Personal information
- Full name: Hillel-Yored Amilcar Tony Konaté
- Date of birth: 28 December 1994 (age 31)
- Place of birth: Poitiers, France
- Height: 1.82 m (6 ft 0 in)
- Position: Goalkeeper

Team information
- Current team: Troyes
- Number: 40

Youth career
- 2007–2009: Châteauroux
- 2009–2015: Sochaux

Senior career*
- Years: Team / Apps / (Gls)
- 2012–2015: Sochaux B / 35 / (0)
- 2016–2018: Boulogne B / 22 / (0)
- 2017–2018: Boulogne / 10 / (0)
- 2018–2023: Valenciennes / 13 / (0)
- 2019–2023: Valenciennes B / 7 / (0)
- 2023–2025: Châteauroux / 49 / (0)
- 2025–: Troyes / 23 / (0)

International career^{‡}
- 2011: Ivory Coast U17 / 4 / (0)
- 2022–: Burkina Faso / 1 / (0)

= Hillel Konaté =

Footballer (born 1994)

Hillel-Yored Amilcar Tony Konaté (born 28 December 1994) is a professional footballer who plays as a goalkeeper for club Troyes. Born in France, and a former youth international for the Ivory Coast, Konaté plays for the Burkina Faso national team.

==Professional career==
Konaté began playing football in the youth academy of Châteauroux, and moved to the academy Sochaux II in 2009.

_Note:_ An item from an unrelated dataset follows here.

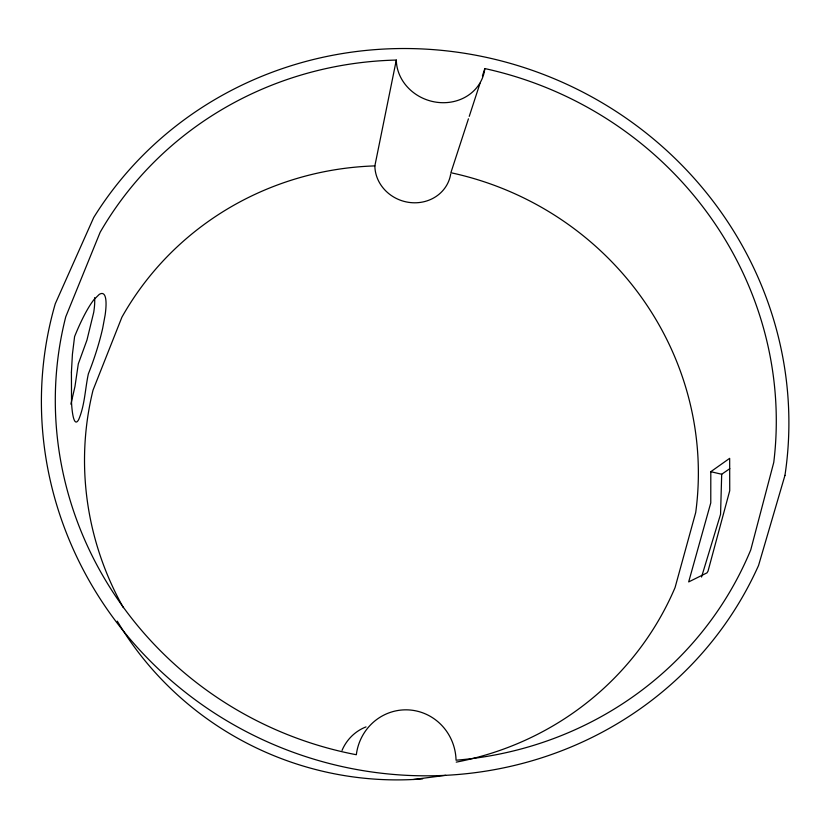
<?xml version="1.0" encoding="UTF-8"?>
<svg xmlns="http://www.w3.org/2000/svg" width="828" height="828" viewBox="0 0 828 828"><rect width="100%" height="100%" fill="white"/><g stroke="black" fill="none" stroke-linecap="round" stroke-linejoin="round"><path stroke-width="1.24" d="M710.807 471.691L710.776 502.855L688.668 581.929L707.008 572.852L708.033 571.123L729.737 490.693L729.665 458.329L710.807 471.691L721.695 474.247L729.82 468.669M721.695 474.247L720.557 514.291L701.544 577.044M123.331 607.617A308.306 299.55 23.5 0 1 93.036 390.112L121.913 317.176A308.306 299.55 23.5 0 1 374.856 165.9L396.312 60.061A44.774 40.437 17.8 0 0 438.685 102.486A44.774 40.437 17.8 0 0 484.835 68.569A362.736 348.402 23.5 0 1 773.756 462.438L750.768 549.844A362.736 348.402 23.5 0 1 456.052 760.207A51.553 50.073 88 0 0 408.556 709.906A51.553 50.073 88 0 0 356.33 754.732A362.736 348.402 23.5 0 1 65.754 316.813L100.147 232.285A362.736 348.402 23.5 0 1 396.312 60.061M70.887 404.209L74.965 386.5L78.308 363.844L86.95 340.111L93.719 312.342A65.164 13.91 -69.2 0 0 94.568 297.676M468.451 118.808L450.877 172.731A308.306 299.55 23.5 0 1 695.706 512.532L675.079 587.528A308.306 299.55 23.5 0 1 456.238 762.133M469.248 116.365L480.033 83.276M482.434 75.928L484.835 68.569M413.627 779.469L445.754 775.329M422.632 778.879A318.397 309.455 23.5 0 1 117.297 621.166M450.701 173.973A38.388 35.397 17.4 0 1 410.409 202.57A38.388 35.397 17.4 0 1 374.856 165.9M342.036 750.416A43.48 42.259 -87.6 0 1 366.028 726.901M71.415 372.165L71.539 402.967A64.915 8.456 -85.9 0 0 78.753 419.444C84.86 404.995 85.098 388.912 88.358 373.873A66.136 13.082 -70.9 0 0 102.703 328.126L105.135 315.023A65.308 12.917 -70.9 0 0 99.174 294.468L94.04 299.529A66.095 13.062 -70.9 0 0 74.592 336.572L72.419 354.249L71.415 372.165M784.954 475.365L758.572 565.41A376.067 361.256 23.5 0 1 290.69 751.369A376.067 361.256 23.5 0 1 55.269 303.772L93.719 217.505A376.067 361.256 23.5 0 1 539.928 73.102A376.067 361.256 23.5 0 1 784.954 475.365"/></g></svg>

On 12 June 2018, Konaté transferred from Boulogne to Valenciennes in the Ligue 2. He made his professional debut with Valenciennes in a 1–0 Coupe de la Ligue loss to Lorient on 14 August 2018.

On 24 July 2023, Châteauroux announced that they had made a contract with Konaté.

On 7 July 2025, Troyes signed a two-year contract with Ligue 2 club Troyes.

==International career==
Konaté was born in France and is Ivorian and Burkinabé by descent. He represented the Ivory Coast U17s at the 2011 FIFA U-17 World Cup, starting in all 4 of their matches in the tournament.

He was called up to the senior Ivory Coast national football team in 2015, but did not make an appearance. In 2022, he was called up to the Burkina Faso national team for a set of friendlies. He debuted with Burkina Faso in a 2–1 friendly win over Comoros on 27 September 2022.